他伸手接过茶盏,却没喝,随手搁在案几上,转而张开臂膀,将司徒峰炎稳稳抱进怀中。
小家伙已长出几颗乳牙,虎头虎脑的,腮帮子圆鼓鼓的,眉眼愈发生得像他,黑亮的眸子像浸了星光。
此刻正咿咿呀呀地挥舞着小胖手,往他脸上凑,软乎乎的触感,撞得司徒俊心头一软。
“峰炎,叫爹爹。
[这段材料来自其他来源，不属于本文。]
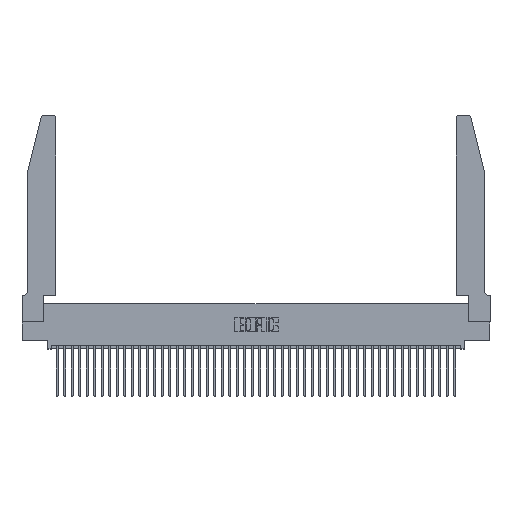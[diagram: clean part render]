
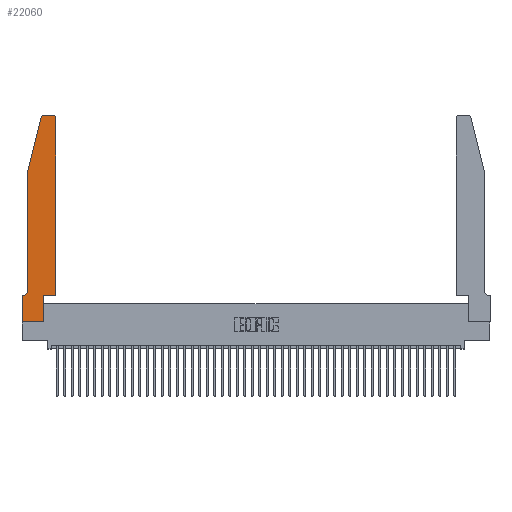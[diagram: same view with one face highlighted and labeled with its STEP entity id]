
A CAD part, top view. The second image highlights one B-rep face of the part: STEP entity #22060.
In plain terms, the highlighted planar face has unit normal (0, 0, 1).
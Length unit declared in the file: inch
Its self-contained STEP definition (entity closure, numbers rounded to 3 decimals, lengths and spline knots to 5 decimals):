
#1201 = ORIENTED_EDGE ( 'NONE', *, *, #3340, .T. ) ;
#1696 = DIRECTION ( 'NONE',  ( -1., 0., 0. ) ) ;
#2669 = VERTEX_POINT ( 'NONE', #29691 ) ;
#2724 = DIRECTION ( 'NONE',  ( -0.239, -0.971, 0. ) ) ;
#3293 = CIRCLE ( 'NONE', #24855, 0.07 ) ;
#3340 = EDGE_CURVE ( 'NONE', #7954, #33325, #14972, .T. ) ;
#4435 = ORIENTED_EDGE ( 'NONE', *, *, #41729, .T. ) ;
#4495 = EDGE_CURVE ( 'NONE', #24669, #8306, #28127, .T. ) ;
#5285 = VECTOR ( 'NONE', #36512, 39.37008 ) ;
#5522 = DIRECTION ( 'NONE',  ( 1., 0., 0. ) ) ;
#6567 = CARTESIAN_POINT ( 'NONE',  ( 0.2865, 0.35, 0.37 ) ) ;
#7316 = ORIENTED_EDGE ( 'NONE', *, *, #33863, .T. ) ;
#7780 = DIRECTION ( 'NONE',  ( 0., 0., -1. ) ) ;
#7954 = VERTEX_POINT ( 'NONE', #20639 ) ;
#8306 = VERTEX_POINT ( 'NONE', #18586 ) ;
#8319 = CARTESIAN_POINT ( 'NONE',  ( 0.4505, 0.35, 0.37 ) ) ;
#9151 = CARTESIAN_POINT ( 'NONE',  ( 0.0055, 0.35, 0.37 ) ) ;
#9451 = CARTESIAN_POINT ( 'NONE',  ( 0.0755, 2., 0.37 ) ) ;
#10273 = LINE ( 'NONE', #8319, #5285 ) ;
#10561 = LINE ( 'NONE', #9451, #27139 ) ;
#11537 = ORIENTED_EDGE ( 'NONE', *, *, #32706, .T. ) ;
#12016 = DIRECTION ( 'NONE',  ( 0., 0., 1. ) ) ;
#12364 = VERTEX_POINT ( 'NONE', #40403 ) ;
#12680 = EDGE_CURVE ( 'NONE', #8306, #34120, #10561, .T. ) ;
#12846 = EDGE_CURVE ( 'NONE', #34120, #2669, #22692, .T. ) ;
#12936 = CARTESIAN_POINT ( 'NONE',  ( 0., 0., 0.37 ) ) ;
#13819 = CARTESIAN_POINT ( 'NONE',  ( 0., 0., 0.37 ) ) ;
#14826 = DIRECTION ( 'NONE',  ( 0., 1., 0. ) ) ;
#14953 = VERTEX_POINT ( 'NONE', #21213 ) ;
#14972 = LINE ( 'NONE', #12936, #21055 ) ;
#15265 = EDGE_CURVE ( 'NONE', #25259, #21793, #25677, .T. ) ;
#17489 = ORIENTED_EDGE ( 'NONE', *, *, #4495, .T. ) ;
#17926 = DIRECTION ( 'NONE',  ( -1., 0., 0. ) ) ;
#18485 = EDGE_CURVE ( 'NONE', #19989, #25259, #28205, .T. ) ;
#18586 = CARTESIAN_POINT ( 'NONE',  ( 0.25487, 2.72718, 0.37 ) ) ;
#18913 = CIRCLE ( 'NONE', #42088, 0.03 ) ;
#19126 = PLANE ( 'NONE',  #37186 ) ;
#19611 = CARTESIAN_POINT ( 'NONE',  ( 0.4205, 2.72, 0.37 ) ) ;
#19989 = VERTEX_POINT ( 'NONE', #37813 ) ;
#20639 = CARTESIAN_POINT ( 'NONE',  ( 0., 0.35, 0.37 ) ) ;
#21055 = VECTOR ( 'NONE', #37869, 39.37008 ) ;
#21213 = CARTESIAN_POINT ( 'NONE',  ( 0.4205, 2.75, 0.37 ) ) ;
#21604 = VERTEX_POINT ( 'NONE', #9151 ) ;
#21793 = VERTEX_POINT ( 'NONE', #28413 ) ;
#22060 = ADVANCED_FACE ( 'NONE', ( #23292 ), #19126, .T. ) ;
#22379 = CARTESIAN_POINT ( 'NONE',  ( 0., 0.35, 0.37 ) ) ;
#22692 = LINE ( 'NONE', #42066, #25444 ) ;
#22735 = CARTESIAN_POINT ( 'NONE',  ( 0.2605, 2.75, 0.37 ) ) ;
#23241 = ORIENTED_EDGE ( 'NONE', *, *, #37828, .T. ) ;
#23256 = LINE ( 'NONE', #22735, #35333 ) ;
#23292 = FACE_OUTER_BOUND ( 'NONE', #35835, .T. ) ;
#23760 = CARTESIAN_POINT ( 'NONE',  ( 0.284, 2.72, 0.37 ) ) ;
#23805 = VECTOR ( 'NONE', #41714, 39.37008 ) ;
#24373 = DIRECTION ( 'NONE',  ( 0., 0., 1. ) ) ;
#24669 = VERTEX_POINT ( 'NONE', #42061 ) ;
#24855 = AXIS2_PLACEMENT_3D ( 'NONE', #28608, #7780, #32433 ) ;
#24886 = EDGE_CURVE ( 'NONE', #21793, #12364, #10273, .T. ) ;
#25259 = VERTEX_POINT ( 'NONE', #6567 ) ;
#25444 = VECTOR ( 'NONE', #39905, 39.37008 ) ;
#25677 = LINE ( 'NONE', #34133, #43871 ) ;
#27139 = VECTOR ( 'NONE', #2724, 39.37008 ) ;
#27250 = ORIENTED_EDGE ( 'NONE', *, *, #18485, .T. ) ;
#27501 = CARTESIAN_POINT ( 'NONE',  ( 0.0755, 2., 0.37 ) ) ;
#28127 = CIRCLE ( 'NONE', #29028, 0.03 ) ;
#28205 = LINE ( 'NONE', #36403, #39730 ) ;
#28413 = CARTESIAN_POINT ( 'NONE',  ( 0.4505, 0.35, 0.37 ) ) ;
#28608 = CARTESIAN_POINT ( 'NONE',  ( 0.0055, 0.42, 0.37 ) ) ;
#29028 = AXIS2_PLACEMENT_3D ( 'NONE', #23760, #24373, #34517 ) ;
#29414 = EDGE_CURVE ( 'NONE', #33325, #19989, #36467, .T. ) ;
#29691 = CARTESIAN_POINT ( 'NONE',  ( 0.0755, 0.42, 0.37 ) ) ;
#31645 = CARTESIAN_POINT ( 'NONE',  ( 0.0755, 0.35, 0.37 ) ) ;
#32433 = DIRECTION ( 'NONE',  ( -1., 0., 0. ) ) ;
#32540 = ORIENTED_EDGE ( 'NONE', *, *, #24886, .T. ) ;
#32706 = EDGE_CURVE ( 'NONE', #12364, #14953, #18913, .T. ) ;
#33325 = VERTEX_POINT ( 'NONE', #44482 ) ;
#33506 = VECTOR ( 'NONE', #17926, 39.37008 ) ;
#33863 = EDGE_CURVE ( 'NONE', #14953, #24669, #23256, .T. ) ;
#34120 = VERTEX_POINT ( 'NONE', #27501 ) ;
#34133 = CARTESIAN_POINT ( 'NONE',  ( 0.4505, 0.35, 0.37 ) ) ;
#34517 = DIRECTION ( 'NONE',  ( 1., 0., 0. ) ) ;
#34775 = ORIENTED_EDGE ( 'NONE', *, *, #29414, .T. ) ;
#35333 = VECTOR ( 'NONE', #1696, 39.37008 ) ;
#35835 = EDGE_LOOP ( 'NONE', ( #7316, #17489, #44424, #42360, #23241, #4435, #1201, #34775, #27250, #36308, #32540, #11537 ) ) ;
#36308 = ORIENTED_EDGE ( 'NONE', *, *, #15265, .T. ) ;
#36403 = CARTESIAN_POINT ( 'NONE',  ( 0.2865, 0.35, 0.37 ) ) ;
#36467 = LINE ( 'NONE', #13819, #23805 ) ;
#36512 = DIRECTION ( 'NONE',  ( 0., 1., 0. ) ) ;
#36524 = DIRECTION ( 'NONE',  ( 1., 0., 0. ) ) ;
#37186 = AXIS2_PLACEMENT_3D ( 'NONE', #22379, #12016, #36524 ) ;
#37813 = CARTESIAN_POINT ( 'NONE',  ( 0.2865, 0., 0.37 ) ) ;
#37828 = EDGE_CURVE ( 'NONE', #2669, #21604, #3293, .T. ) ;
#37869 = DIRECTION ( 'NONE',  ( 0., -1., 0. ) ) ;
#39730 = VECTOR ( 'NONE', #14826, 39.37008 ) ;
#39905 = DIRECTION ( 'NONE',  ( 0., -1., 0. ) ) ;
#40403 = CARTESIAN_POINT ( 'NONE',  ( 0.4505, 2.72, 0.37 ) ) ;
#40751 = DIRECTION ( 'NONE',  ( 1., 0., 0. ) ) ;
#41714 = DIRECTION ( 'NONE',  ( 1., 0., 0. ) ) ;
#41729 = EDGE_CURVE ( 'NONE', #21604, #7954, #42844, .T. ) ;
#42061 = CARTESIAN_POINT ( 'NONE',  ( 0.284, 2.75, 0.37 ) ) ;
#42066 = CARTESIAN_POINT ( 'NONE',  ( 0.0755, 2., 0.37 ) ) ;
#42088 = AXIS2_PLACEMENT_3D ( 'NONE', #19611, #44245, #5522 ) ;
#42360 = ORIENTED_EDGE ( 'NONE', *, *, #12846, .T. ) ;
#42844 = LINE ( 'NONE', #31645, #33506 ) ;
#43871 = VECTOR ( 'NONE', #40751, 39.37008 ) ;
#44245 = DIRECTION ( 'NONE',  ( 0., 0., 1. ) ) ;
#44424 = ORIENTED_EDGE ( 'NONE', *, *, #12680, .T. ) ;
#44482 = CARTESIAN_POINT ( 'NONE',  ( 0., 0., 0.37 ) ) ;
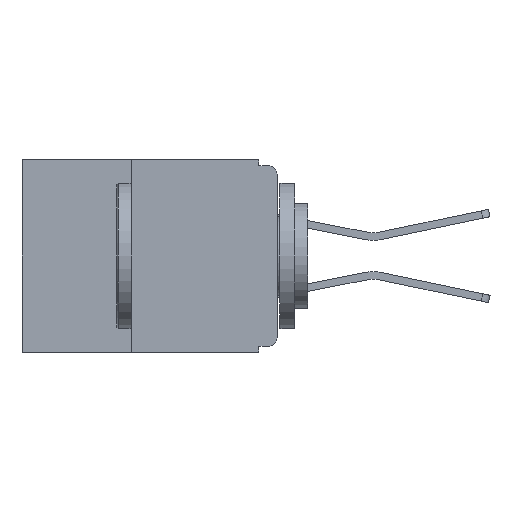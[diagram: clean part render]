
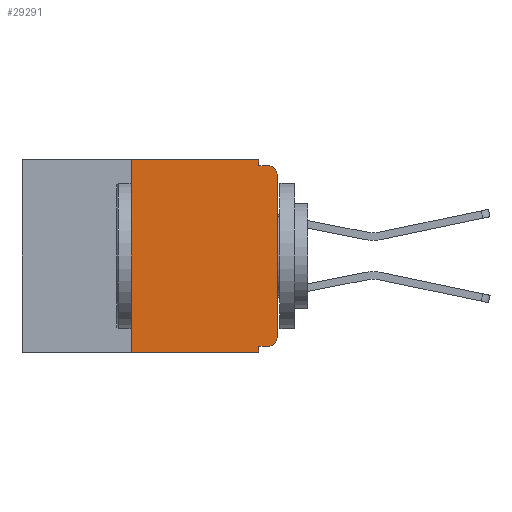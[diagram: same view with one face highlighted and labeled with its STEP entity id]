
A CAD part, left-side view. The second image highlights one B-rep face of the part: STEP entity #29291.
In plain terms, the highlighted planar face has unit normal (-1, 0, 0).
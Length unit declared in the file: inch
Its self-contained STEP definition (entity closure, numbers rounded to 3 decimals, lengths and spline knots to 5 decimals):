
#69 = CARTESIAN_POINT ( 'NONE',  ( 0., 0.031, 0. ) ) ;
#250 = DIRECTION ( 'NONE',  ( 0., 0., 1. ) ) ;
#533 = DIRECTION ( 'NONE',  ( 0., 0., -1. ) ) ;
#767 = CARTESIAN_POINT ( 'NONE',  ( 0., 0.25, -0.33 ) ) ;
#1053 = CARTESIAN_POINT ( 'NONE',  ( 0., 0., -0.025 ) ) ;
#1190 = DIRECTION ( 'NONE',  ( 0., 0., -1. ) ) ;
#1370 = VECTOR ( 'NONE', #10776, 39.37008 ) ;
#1375 = VECTOR ( 'NONE', #3914, 39.37008 ) ;
#2106 = CARTESIAN_POINT ( 'NONE',  ( 0., 0., -0.305 ) ) ;
#3179 = LINE ( 'NONE', #30017, #1370 ) ;
#3257 = ORIENTED_EDGE ( 'NONE', *, *, #11253, .T. ) ;
#3914 = DIRECTION ( 'NONE',  ( 0., 0., 1. ) ) ;
#3931 = ORIENTED_EDGE ( 'NONE', *, *, #28845, .T. ) ;
#4038 = ORIENTED_EDGE ( 'NONE', *, *, #16723, .F. ) ;
#4808 = ORIENTED_EDGE ( 'NONE', *, *, #31192, .F. ) ;
#5259 = AXIS2_PLACEMENT_3D ( 'NONE', #34412, #18086, #1190 ) ;
#5426 = ORIENTED_EDGE ( 'NONE', *, *, #23227, .F. ) ;
#5448 = LINE ( 'NONE', #17177, #26687 ) ;
#5524 = ORIENTED_EDGE ( 'NONE', *, *, #17767, .F. ) ;
#5981 = VERTEX_POINT ( 'NONE', #767 ) ;
#6188 = ORIENTED_EDGE ( 'NONE', *, *, #29383, .T. ) ;
#6282 = EDGE_CURVE ( 'NONE', #18663, #33398, #31548, .T. ) ;
#6338 = ORIENTED_EDGE ( 'NONE', *, *, #26917, .F. ) ;
#6462 = DIRECTION ( 'NONE',  ( 0., 0., -1. ) ) ;
#6771 = ORIENTED_EDGE ( 'NONE', *, *, #6282, .F. ) ;
#6870 = ORIENTED_EDGE ( 'NONE', *, *, #11667, .T. ) ;
#6976 = CARTESIAN_POINT ( 'NONE',  ( 0., 0.031, -0.33 ) ) ;
#7474 = PLANE ( 'NONE',  #13758 ) ;
#8861 = DIRECTION ( 'NONE',  ( 0., -1., 0. ) ) ;
#8987 = LINE ( 'NONE', #12318, #1375 ) ;
#9605 = VECTOR ( 'NONE', #22054, 39.37008 ) ;
#10413 = DIRECTION ( 'NONE',  ( 0., 0., -1. ) ) ;
#10776 = DIRECTION ( 'NONE',  ( 0., -1., 0. ) ) ;
#11253 = EDGE_CURVE ( 'NONE', #23078, #21682, #8987, .T. ) ;
#11409 = VERTEX_POINT ( 'NONE', #34949 ) ;
#11667 = EDGE_CURVE ( 'NONE', #18663, #23078, #32623, .T. ) ;
#12253 = EDGE_LOOP ( 'NONE', ( #3257, #3931, #4038, #4808, #5426, #5524, #6188, #6338, #6771, #6870 ) ) ;
#12318 = CARTESIAN_POINT ( 'NONE',  ( 0., 0., 0. ) ) ;
#12493 = FACE_OUTER_BOUND ( 'NONE', #12253, .T. ) ;
#13132 = CARTESIAN_POINT ( 'NONE',  ( 0., 0.031, 0. ) ) ;
#13645 = CARTESIAN_POINT ( 'NONE',  ( 0., 0.015, -0.01 ) ) ;
#13758 = AXIS2_PLACEMENT_3D ( 'NONE', #18715, #26926, #10413 ) ;
#14662 = CARTESIAN_POINT ( 'NONE',  ( 0., 0., -0.01 ) ) ;
#16723 = EDGE_CURVE ( 'NONE', #19930, #30660, #31895, .T. ) ;
#17177 = CARTESIAN_POINT ( 'NONE',  ( 0., 0.25, -0.33 ) ) ;
#17390 = VECTOR ( 'NONE', #17449, 39.37008 ) ;
#17449 = DIRECTION ( 'NONE',  ( 0., -1., 0. ) ) ;
#17457 = DIRECTION ( 'NONE',  ( -1., 0., 0. ) ) ;
#17767 = EDGE_CURVE ( 'NONE', #5981, #11409, #5448, .T. ) ;
#18086 = DIRECTION ( 'NONE',  ( -1., 0., 0. ) ) ;
#18663 = VERTEX_POINT ( 'NONE', #32396 ) ;
#18715 = CARTESIAN_POINT ( 'NONE',  ( 0., 0.437, 0. ) ) ;
#19151 = VECTOR ( 'NONE', #8861, 39.37008 ) ;
#19752 = VECTOR ( 'NONE', #29547, 39.37008 ) ;
#19930 = VERTEX_POINT ( 'NONE', #26950 ) ;
#20475 = CARTESIAN_POINT ( 'NONE',  ( 0., 0.031, -0.33 ) ) ;
#21131 = VERTEX_POINT ( 'NONE', #6976 ) ;
#21682 = VERTEX_POINT ( 'NONE', #1053 ) ;
#21715 = CARTESIAN_POINT ( 'NONE',  ( 0., 0.031, -0.32 ) ) ;
#22054 = DIRECTION ( 'NONE',  ( 0., 1., 0. ) ) ;
#22280 = CARTESIAN_POINT ( 'NONE',  ( 0., 0., -0.32 ) ) ;
#22372 = AXIS2_PLACEMENT_3D ( 'NONE', #33762, #17457, #533 ) ;
#23078 = VERTEX_POINT ( 'NONE', #2106 ) ;
#23227 = EDGE_CURVE ( 'NONE', #11409, #29529, #26365, .T. ) ;
#25498 = VECTOR ( 'NONE', #6462, 39.37008 ) ;
#26365 = LINE ( 'NONE', #28165, #19151 ) ;
#26372 = LINE ( 'NONE', #20475, #25498 ) ;
#26687 = VECTOR ( 'NONE', #250, 39.37008 ) ;
#26917 = EDGE_CURVE ( 'NONE', #33398, #21131, #26372, .T. ) ;
#26926 = DIRECTION ( 'NONE',  ( 1., 0., 0. ) ) ;
#26950 = CARTESIAN_POINT ( 'NONE',  ( 0., 0.031, -0.01 ) ) ;
#28165 = CARTESIAN_POINT ( 'NONE',  ( 0., 0.437, 0. ) ) ;
#28845 = EDGE_CURVE ( 'NONE', #21682, #30660, #34740, .T. ) ;
#29291 = ADVANCED_FACE ( 'NONE', ( #12493 ), #7474, .F. ) ;
#29383 = EDGE_CURVE ( 'NONE', #5981, #21131, #3179, .T. ) ;
#29529 = VERTEX_POINT ( 'NONE', #69 ) ;
#29547 = DIRECTION ( 'NONE',  ( 0., 0., -1. ) ) ;
#30017 = CARTESIAN_POINT ( 'NONE',  ( 0., 0.437, -0.33 ) ) ;
#30660 = VERTEX_POINT ( 'NONE', #13645 ) ;
#31192 = EDGE_CURVE ( 'NONE', #29529, #19930, #34200, .T. ) ;
#31548 = LINE ( 'NONE', #22280, #9605 ) ;
#31895 = LINE ( 'NONE', #14662, #17390 ) ;
#32396 = CARTESIAN_POINT ( 'NONE',  ( 0., 0.015, -0.32 ) ) ;
#32623 = CIRCLE ( 'NONE', #22372, 0.015 ) ;
#33398 = VERTEX_POINT ( 'NONE', #21715 ) ;
#33762 = CARTESIAN_POINT ( 'NONE',  ( 0., 0.015, -0.305 ) ) ;
#34200 = LINE ( 'NONE', #13132, #19752 ) ;
#34412 = CARTESIAN_POINT ( 'NONE',  ( 0., 0.015, -0.025 ) ) ;
#34740 = CIRCLE ( 'NONE', #5259, 0.015 ) ;
#34949 = CARTESIAN_POINT ( 'NONE',  ( 0., 0.25, 0. ) ) ;
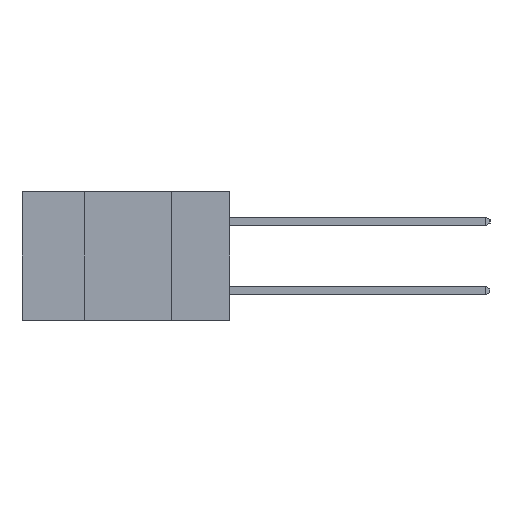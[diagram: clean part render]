
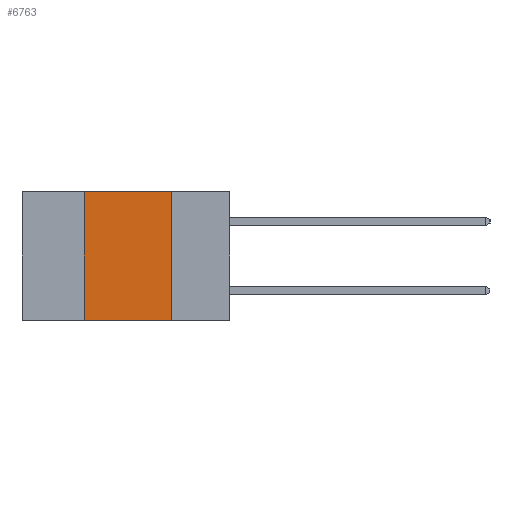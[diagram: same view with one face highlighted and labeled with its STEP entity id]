
A CAD part, left-side view. The second image highlights one B-rep face of the part: STEP entity #6763.
In plain terms, the highlighted planar face has unit normal (-1, 0, 0).
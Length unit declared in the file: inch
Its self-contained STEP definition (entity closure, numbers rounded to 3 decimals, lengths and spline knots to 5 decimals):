
#154 = VERTEX_POINT ( 'NONE', #18804 ) ;
#2322 = CARTESIAN_POINT ( 'NONE',  ( 0., 0.6, 0. ) ) ;
#2745 = DIRECTION ( 'NONE',  ( 0., 0., 1. ) ) ;
#3607 = VECTOR ( 'NONE', #2745, 39.37008 ) ;
#4374 = DIRECTION ( 'NONE',  ( 0., -1., 0. ) ) ;
#4822 = CARTESIAN_POINT ( 'NONE',  ( 0., 0.17, -0.37 ) ) ;
#6051 = ORIENTED_EDGE ( 'NONE', *, *, #10937, .F. ) ;
#6589 = LINE ( 'NONE', #2322, #16899 ) ;
#6763 = ADVANCED_FACE ( 'NONE', ( #17706 ), #10131, .F. ) ;
#8117 = AXIS2_PLACEMENT_3D ( 'NONE', #24483, #26555, #14286 ) ;
#8887 = CARTESIAN_POINT ( 'NONE',  ( 0., 0.6, -0.37 ) ) ;
#9012 = EDGE_LOOP ( 'NONE', ( #13159, #22786, #6051, #26636 ) ) ;
#9358 = VERTEX_POINT ( 'NONE', #20128 ) ;
#9734 = EDGE_CURVE ( 'NONE', #154, #25340, #21756, .T. ) ;
#9977 = DIRECTION ( 'NONE',  ( 0., 0., -1. ) ) ;
#10131 = PLANE ( 'NONE',  #8117 ) ;
#10937 = EDGE_CURVE ( 'NONE', #154, #9358, #25519, .T. ) ;
#11263 = EDGE_CURVE ( 'NONE', #21088, #25340, #13011, .T. ) ;
#13011 = LINE ( 'NONE', #20224, #23269 ) ;
#13159 = ORIENTED_EDGE ( 'NONE', *, *, #11263, .F. ) ;
#14286 = DIRECTION ( 'NONE',  ( 0., 0., -1. ) ) ;
#15085 = DIRECTION ( 'NONE',  ( 0., -1., 0. ) ) ;
#15213 = CARTESIAN_POINT ( 'NONE',  ( 0., 0.42, -0.37 ) ) ;
#16300 = VECTOR ( 'NONE', #15085, 39.37008 ) ;
#16402 = CARTESIAN_POINT ( 'NONE',  ( 0., 0.17, 0. ) ) ;
#16899 = VECTOR ( 'NONE', #4374, 39.37008 ) ;
#17706 = FACE_OUTER_BOUND ( 'NONE', #9012, .T. ) ;
#18804 = CARTESIAN_POINT ( 'NONE',  ( 0., 0.42, -0.37 ) ) ;
#20128 = CARTESIAN_POINT ( 'NONE',  ( 0., 0.42, 0. ) ) ;
#20224 = CARTESIAN_POINT ( 'NONE',  ( 0., 0.17, -0.37 ) ) ;
#21088 = VERTEX_POINT ( 'NONE', #16402 ) ;
#21756 = LINE ( 'NONE', #8887, #16300 ) ;
#22786 = ORIENTED_EDGE ( 'NONE', *, *, #23868, .F. ) ;
#23269 = VECTOR ( 'NONE', #9977, 39.37008 ) ;
#23868 = EDGE_CURVE ( 'NONE', #9358, #21088, #6589, .T. ) ;
#24483 = CARTESIAN_POINT ( 'NONE',  ( 0., 0.6, 0. ) ) ;
#25340 = VERTEX_POINT ( 'NONE', #4822 ) ;
#25519 = LINE ( 'NONE', #15213, #3607 ) ;
#26555 = DIRECTION ( 'NONE',  ( 1., 0., 0. ) ) ;
#26636 = ORIENTED_EDGE ( 'NONE', *, *, #9734, .T. ) ;

”
他低头,声音放得极轻,带着藏不住的宠溺。
司徒峰炎眨巴着乌溜溜的大眼睛,小脑袋晃了晃,含糊不清地从喉咙里挤出一声:
“爹……”
这一声稚嫩的“爹”,像根细针,轻轻刺在司徒俊心上。
他下意识收紧手臂,将孩子紧紧拥在怀里,胸腔里翻涌着滚烫的情绪,又酸又暖。
苏芸娘站在一旁,望着父子相依的模样,眼眶微微泛红,却强忍着没让泪落下来。
她比谁都清楚夫君心中的不舍与煎熬。
她轻轻走上前,依偎在他身侧,掌心覆上他抱着孩子的手背,声音平静却带着不容置疑的坚定:
“夫君,不必忧心。孩子们有我们照拂,定会平平安安长大,好好修炼。千年光阴,不过弹指一挥间。待我们修为足够,定去登仙界寻你。”
司徒俊抬眸,望向眼前的女子。
她是陪他走过最久的人,是为他生儿育女、付出最多的人,无论他身处何种境遇,始终不离不弃。
千言万语堵在喉头,最终只化作一句沙哑的:
“芸娘,辛苦你了,谢谢你。”
苏芸娘轻轻摇头,将头靠在他肩上,发丝蹭过他的脸颊:
“夫妻一体,何须言谢。能遇见夫君,能有如今的家,已是芸娘此生最大的福气。”
窗外,阳光正好,微风裹着庭院里的花香拂来。
乳母们的笑声、孩子们的咿呀声交织在一起,岁月静好,温暖得像一捧化不开的暖阳。